El “cácaro” es casi el grito de guerra del espectador; grito de impaciencia, de molestia, que se combina con ciertos chiflidos hasta que el operador arregla la cinta, enfoca la proyección o corrige el sonido.
Según cuenta la tradición, el origen del ¡cácaro! se encuentra en Guadalajara. Hacia 1909 el cinematógrafo llevaba más de una década de haberse ganado el gusto de la gente. El fascinante invento de los hermanos Lumiére echó raíces en México y las principales ciudades del país contaban con varios locales que daban cabida al cinematógrafo. Las vistas –así se les llamaba a las secuencias que proyectaban– ya no causaban temor como al principio. Llegó a saberse de gente que, al ver un tren en la pantalla, salía corriendo despavorida.
José A. Castañeda era un popular empresario de cine. Tenía una sala de proyecciones conocida como Salón Azul en Guadalajara. Por entonces, las películas eran silentes, por lo que el público le gritaba a don Pepe para que se las explicara. Don José era muy ocurrente y hacía los efectos de sonido de las películas que proyectaba e inventaba los diálogos. A veces hasta había oportunidad de musicalizarlas muy precariamente en vivo. La gente se divertía mucho con las invenciones, bromas, y ocurrencias del dueño del Salón Azul.
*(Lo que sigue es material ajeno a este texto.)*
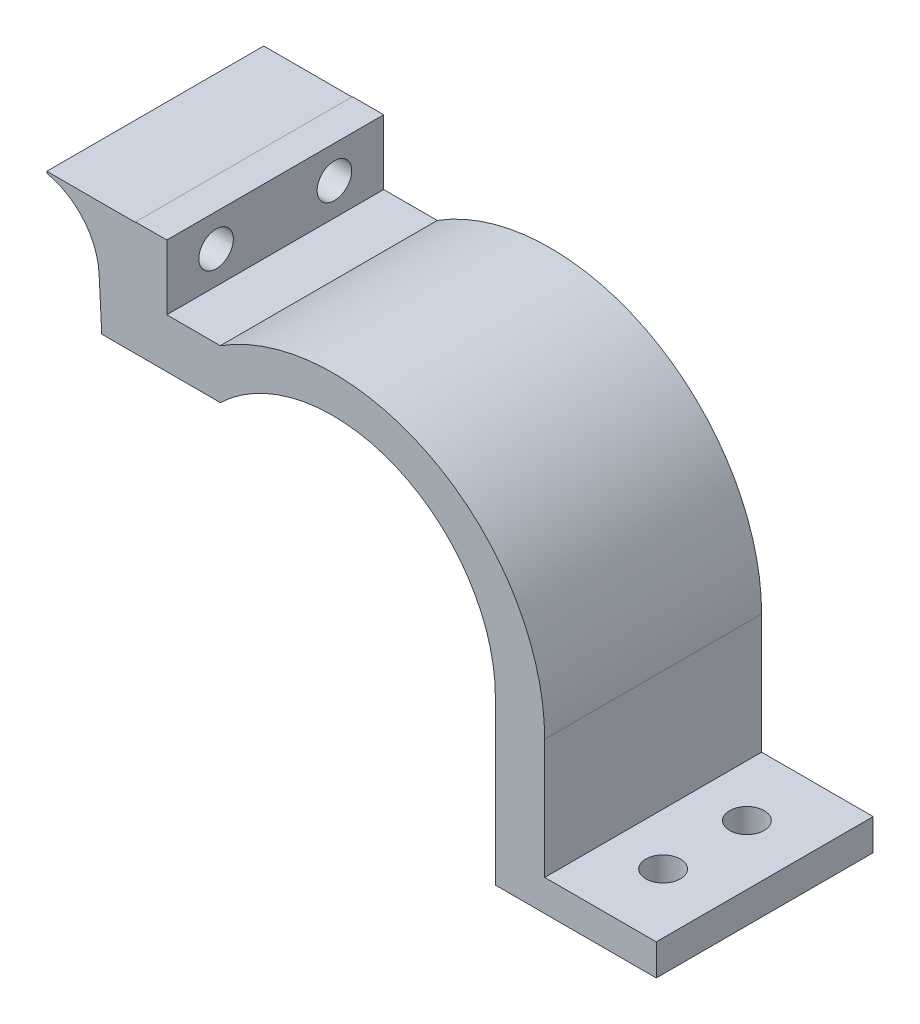
SolidWorks part; units mm, degrees
ref_plane "Front Plane" through (0, 0, 0) normal (0, 0, 1) x (1, 0, 0)
ref_plane "Top Plane" through (0, 0, 0) normal (0, 1, 0) x (1, 0, 0)
ref_plane "Right Plane" through (0, 0, 0) normal (1, 0, 0) x (0, 0, -1)
sketch "Sketch1" plane through (0, 0, 0) normal (0, 0, 1) x (1, 0, 0)
  line L0 (0, 0) -> (33.0033, 0) construction
  line L1 (33.0033, 0) -> (33.0033, -33)
  line L2 (33.0033, -33) -> (0, -33) construction
  line L3 (33.0033, -33) -> (65.6321, -33)
  line L4 (65.6321, -33) -> (65.6321, -26.65)
  line L5 (65.6321, -26.65) -> (43.0033, -26.65)
  line L6 (43.0033, -26.65) -> (43.0033, -2.3696)
  line L7 (0, 0) -> (-40, 0) construction
  line L8 (-40, 0) -> (-40, 50.6526) construction
  line L9 (-22.7938, 23.8598) -> (-40, 23.8598)
  line L10 (-40, 23.8598) -> (-40, 46.9951)
  line L11 (-40, 46.9951) -> (-33.65, 46.9951)
  line L12 (-33.65, 46.9951) -> (-33.65, 33.8598)
  line L13 (-33.65, 33.8598) -> (-22.7938, 33.8598)
  circle A0 centre (0, 0) radius 33 construction
  arc A1 (-22.7938, 23.8598) -> (33.0033, 0) centre (0.0033, 0) cw
  arc A2 (-22.7938, 33.8598) -> (43.0033, -2.3696) centre (0.1304, -2.3696) cw
  dimension "D1" = 10
  dimension "D4" = 33
  dimension "D2" = 6.35
  dimension "D3" = 6.35
  dimension "10" = 10
  dimension "D5" = 40
  dimension "D6" = 32.6288
  dimension "D7" = 23.1354
extrude "Boss-Extrude1" add sketch "Sketch1" against normal blind 44
sketch "Sketch2" plane through (0, -26.65, 0) normal (0, 1, 0) x (1, 0, 0)
  line L0 (53.5164, 34) -> (53.5164, 44) construction
  line L1 (65.6321, 44) -> (43.0033, 44) construction
  line L2 (53.5164, 10) -> (53.5164, 0) construction
  line L3 (65.6321, 0) -> (43.0033, 0) construction
  circle A0 centre (53.5164, 13.5) radius 3.5
  circle A2 centre (53.5164, 30.5) radius 3.5
extrude "Cut-Extrude1" cut sketch "Sketch2" against normal up to next
sketch "Sketch4" plane through (0, 0, 0) normal (0, 0, 1) x (1, 0, 0)
  line L0 (-40, 23.8598) -> (-46.8386, 23.8598)
  line L1 (-47.3809, 34.2065) -> (-44.4795, -21.1542) construction
  line L2 (-46.8386, 23.8598) -> (-47.3809, 34.2065)
  line L4 (-47.3764, 46.9048) -> (-40, 46.9048)
  line L5 (-40, 46.9951) -> (-40, 23.8598) construction
  line L6 (-40, 46.9048) -> (-40, 23.8598)
  line L7 (-47.3764, 46.9048) -> (-57.9858, 46.9048)
  line L8 (-57.9858, 46.9048) -> (-57.9858, 46.5446)
  arc A0 (-57.9858, 46.5446) -> (-47.3809, 34.2065) centre (-60.6709, 33.51) cw
extrude "Boss-Extrude2" add sketch "Sketch4" against normal up to surface (44 mm away) up to face at (9.0807, 10.4678, -44)
sketch "Sketch5" plane through (-33.65, 0, 0) normal (1, 0, 0) x (0, 0, -1)
  line L0 (0, 33.8598) -> (0, 46.9951) construction
  line L1 (44, 33.8598) -> (44, 46.9951) construction
  line L2 (44, 46.9951) -> (0, 46.9951) construction
  circle A0 centre (10, 40.4251) radius 3.5
  circle A1 centre (34, 40.4251) radius 3.5
  dimension "D1" = 7
  dimension "D2" = 7
  dimension "D3" = 10
  dimension "D4" = 10
  dimension "D5" = 6.57
extrude "Cut-Extrude2" cut sketch "Sketch5" against normal up to next
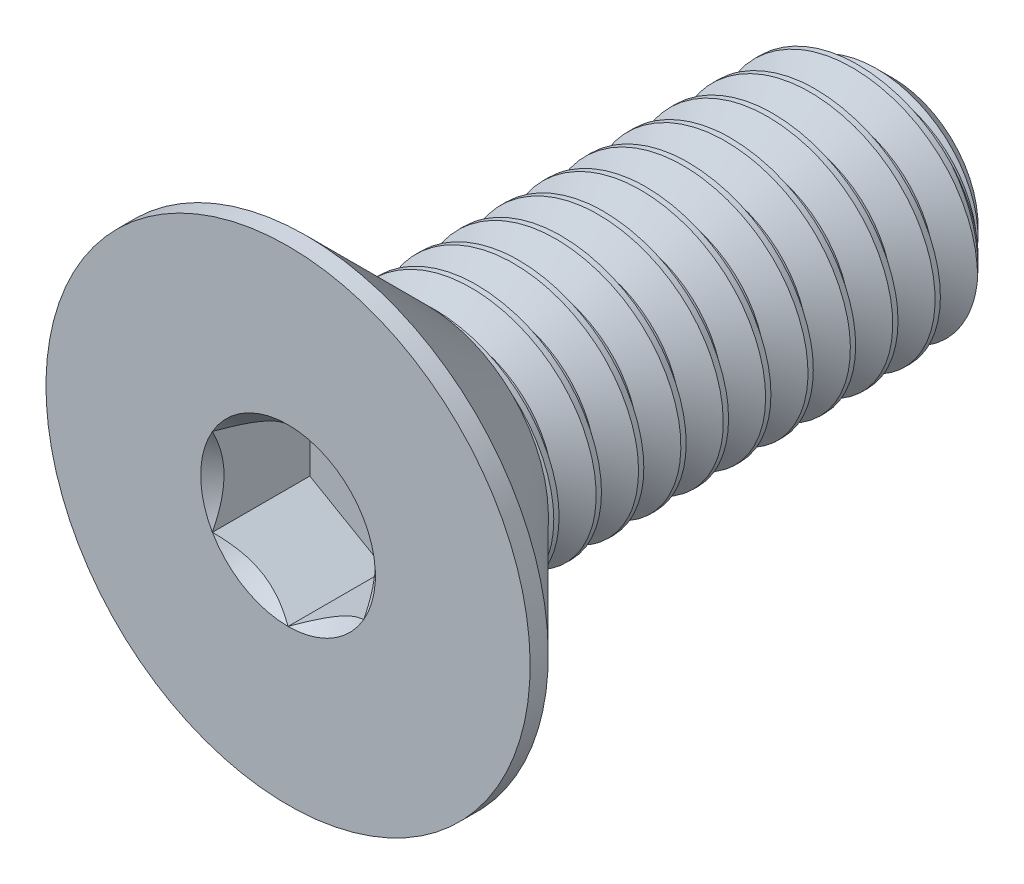
SolidWorks part; units mm, degrees
ref_plane "Front" through (0, 0, 0) normal (0, 0, 1) x (1, 0, 0)
ref_plane "Top" through (0, 0, 0) normal (0, 1, 0) x (1, 0, 0)
ref_plane "Right" through (0, 0, 0) normal (1, 0, 0) x (0, 0, -1)
sketch "Sketch1" plane through (0, 0, 0) normal (1, 0, 0) x (0, 0, -1)
  line L0 (-5, 4) -> (-4.7, 4) construction
  line L1 (-4.7, 4) -> (-2.7, 2) construction
  line L2 (-5, 2) -> (5, 2) construction
  line L3 (5, 2) -> (5, 0) construction
  line L4 (5, 0) -> (-5, 0) construction
  line L5 (-5, 0) -> (-5, 4) construction
  line L6 (-5, 4) -> (-5, -4) construction
  line L7 (5, 2) -> (5, -2) construction
  line L8 (-5, -4) -> (-4.7, -4) construction
  line L9 (-4.7, -4) -> (-2.7, -2) construction
  line L11 (-5, 2) -> (-5, 0) construction
  line L12 (-2.7, 2) -> (-2.7, 0) construction
  line L13 (4.9563, 2.0758) -> (5.3063, 1.4696) construction
  line L14 (5.3063, 1.4696) -> (5.6563, 2.0758) construction
  line L15 (5.6563, 2.0758) -> (4.9563, 2.0758) construction
  line L16 (5.3063, 2.0758) -> (5.3063, 2) construction
  line L17 (5.3063, 2) -> (5.3063, 1.5453) construction
  line L18 (5.3063, 1.5453) -> (5.3063, 1.4696) construction
  line L19 (5.3063, 2.0379) -> (5.6344, 2.0379) construction
  line L20 (5.3063, 2.0379) -> (4.9781, 2.0379) construction
  line L21 (5, 2) -> (5.6125, 2) construction
  line L22 (5.2625, 1.5453) -> (5.35, 1.5453) construction
  line L23 (5, -2) -> (-2.7, -2) construction
  point P10 (3.25, -2)
  point P24 (-2.7, 2)
  point P30 (0, 0)
  dimension "Head Diameter" = 8
  dimension "Head Height" = 2.3
  dimension "Length" = 10
  dimension "Countersink Angle" = 90
  dimension "Thread Pitch" = 0.7
  dimension "D2" = 0.0875
  dimension "Thread Size" = 4
  dimension "D1" = 1.75
sketch "Sketch2" plane through (0, 0, 0) normal (0, 0, 1) x (1, 0, 0)
  line L1 (0, 1.4434) -> (-1.25, 0.7217) construction
  line L2 (-1.25, 0.7217) -> (-1.25, -0.7217) construction
  line L3 (-1.25, -0.7217) -> (0, -1.4434) construction
  line L4 (0, -1.4434) -> (1.25, -0.7217) construction
  line L5 (1.25, -0.7217) -> (1.25, 0.7217) construction
  line L6 (1.25, 0.7217) -> (0, 1.4434) construction
  circle A0 centre (0, 0) radius 1.25 construction
  dimension "Drive Size" = 2.5
sketch "Sketch3" plane through (0, 0, 0) normal (1, 0, 0) x (0, 0, -1)
  line L0 (-5, 2) -> (5, 2)
  line L1 (5, 2) -> (5, 0)
  line L2 (5, 0) -> (-5, 0)
  line L3 (-5, 0) -> (-5, 2)
revolve "Revolve1" add sketch "Sketch3" angle 360 about L4
chamfer "Chamfer1" distance 0.6 angle 45 1 edges at (0, 2, -5)
sketch "Sketch6" plane through (0, 0, 0) normal (1, 0, 0) x (0, 0, -1)
  line L0 (-5, 4) -> (-4.7, 4)
  line L1 (-4.7, 4) -> (-2.7, 2)
  line L2 (-2.7, 2) -> (-2.7, 0)
  line L3 (-2.7, 0) -> (-5, 0)
  line L4 (-5, 0) -> (-5, 4)
revolve "Revolve2" add sketch "Sketch6" angle 360 about L4
sketch "Sketch8" plane through (0, 0, 5) normal (0, 0, 1) x (1, 0, 0)
  line L0 (0, 1.4434) -> (-1.25, 0.7217) construction
  line L1 (1.25, 0.7217) -> (0, 1.4434) construction
  line L2 (1.25, -0.7217) -> (1.25, 0.7217) construction
  line L3 (0, -1.4434) -> (1.25, -0.7217) construction
  line L4 (-1.25, 0.7217) -> (-1.25, -0.7217) construction
  line L5 (-1.25, -0.7217) -> (0, -1.4434) construction
  line L6 (0, 1.4434) -> (-1.25, 0.7217)
  line L7 (1.25, 0.7217) -> (0, 1.4434)
  line L8 (1.25, -0.7217) -> (1.25, 0.7217)
  line L9 (0, -1.4434) -> (1.25, -0.7217)
  line L10 (-1.25, 0.7217) -> (-1.25, -0.7217)
  line L11 (-1.25, -0.7217) -> (0, -1.4434)
extrude "Cut-Extrude1" cut sketch "Sketch8" against normal blind 1.61
sketch "Sketch9" plane through (0, 0, 5) normal (0, 0, 1) x (1, 0, 0)
  circle A0 centre (0, 0) radius 1.4434
extrude "Cut-Extrude2" cut sketch "Sketch9" against normal up to next (1.61 mm away) draft 45
ref_plane "Plane1" through (0, 0, 2.7) normal (0, 0, 1) x (1, 0, 0)
split "Split1" trim tools "Plane1" bodies to split 124 resulting bodies 126 127
sketch "Sketch4" plane through (0, 0, -5) normal (0, 0, -1) x (-1, 0, 0)
  circle A0 centre (0, 0) radius 2 construction
  circle A1 centre (0, 0) radius 2
curve "Helix/Spiral1" pitch 0.7 height 10 radius 2 centre (0, 0, -5) axis (0, 0, 1) start towards (0, 1, 0)
sketch "Sketch10" plane through (0, 0, 0) normal (1, 0, 0) x (0, 0, -1)
  line L0 (4.9781, 2.0379) -> (5.6344, 2.0379)
  line L1 (5.6344, 2.0379) -> (5.35, 1.5453)
  line L2 (5.35, 1.5453) -> (5.2625, 1.5453)
  line L3 (5.2625, 1.5453) -> (4.9781, 2.0379)
sweep "Cut-Sweep1" cut profiles "Sketch10" path "Helix/Spiral1" align with end faces yes
combine bodies "Combine1" operation type add bodies to combine 130 126
equation "\"D2@Sketch1\" = \"Thread Pitch@Sketch1\" / 8"
equation "\"D4@Helix/Spiral1\"=\"Thread Pitch@Sketch1\""
equation "\"D1@Chamfer1\"=\"Thread Size@Sketch1\"*.15"
equation "\"D1@Cut-Extrude1\"=\"Head Height@Sketch1\"*.7"
equation "\"D1@Sketch1\"=\"Thread Pitch@Sketch1\"*2.5"
equation "\"D3@Helix/Spiral1\"=\"Length@Sketch1\""

Para 1911 este empresario instaló en dicha ciudad la carpa Cosmopolita y contrató a Rafael González para encargarse de la proyección de las películas. Todo el mundo lo conocía, no por el gusto que ponía en su trabajo, o la admiración que le provocaba el cine, sino porque de joven había sido atacado por la viruela y su rostro mostraba las huellas de la enfermedad: estaba cacarizo.
Le decían el “Cácaro”, y cuando había algún problema con la proyección, don José gritaba: ¡Cácaro, Cácaro! Era tan pintoresco el personaje, que a veces se quedaba dormido durante la proyección y no cambiaba el rollo de la película. Con el tiempo el grito se convirtió en parte del ambiente cinematográfico y llegó para quedarse.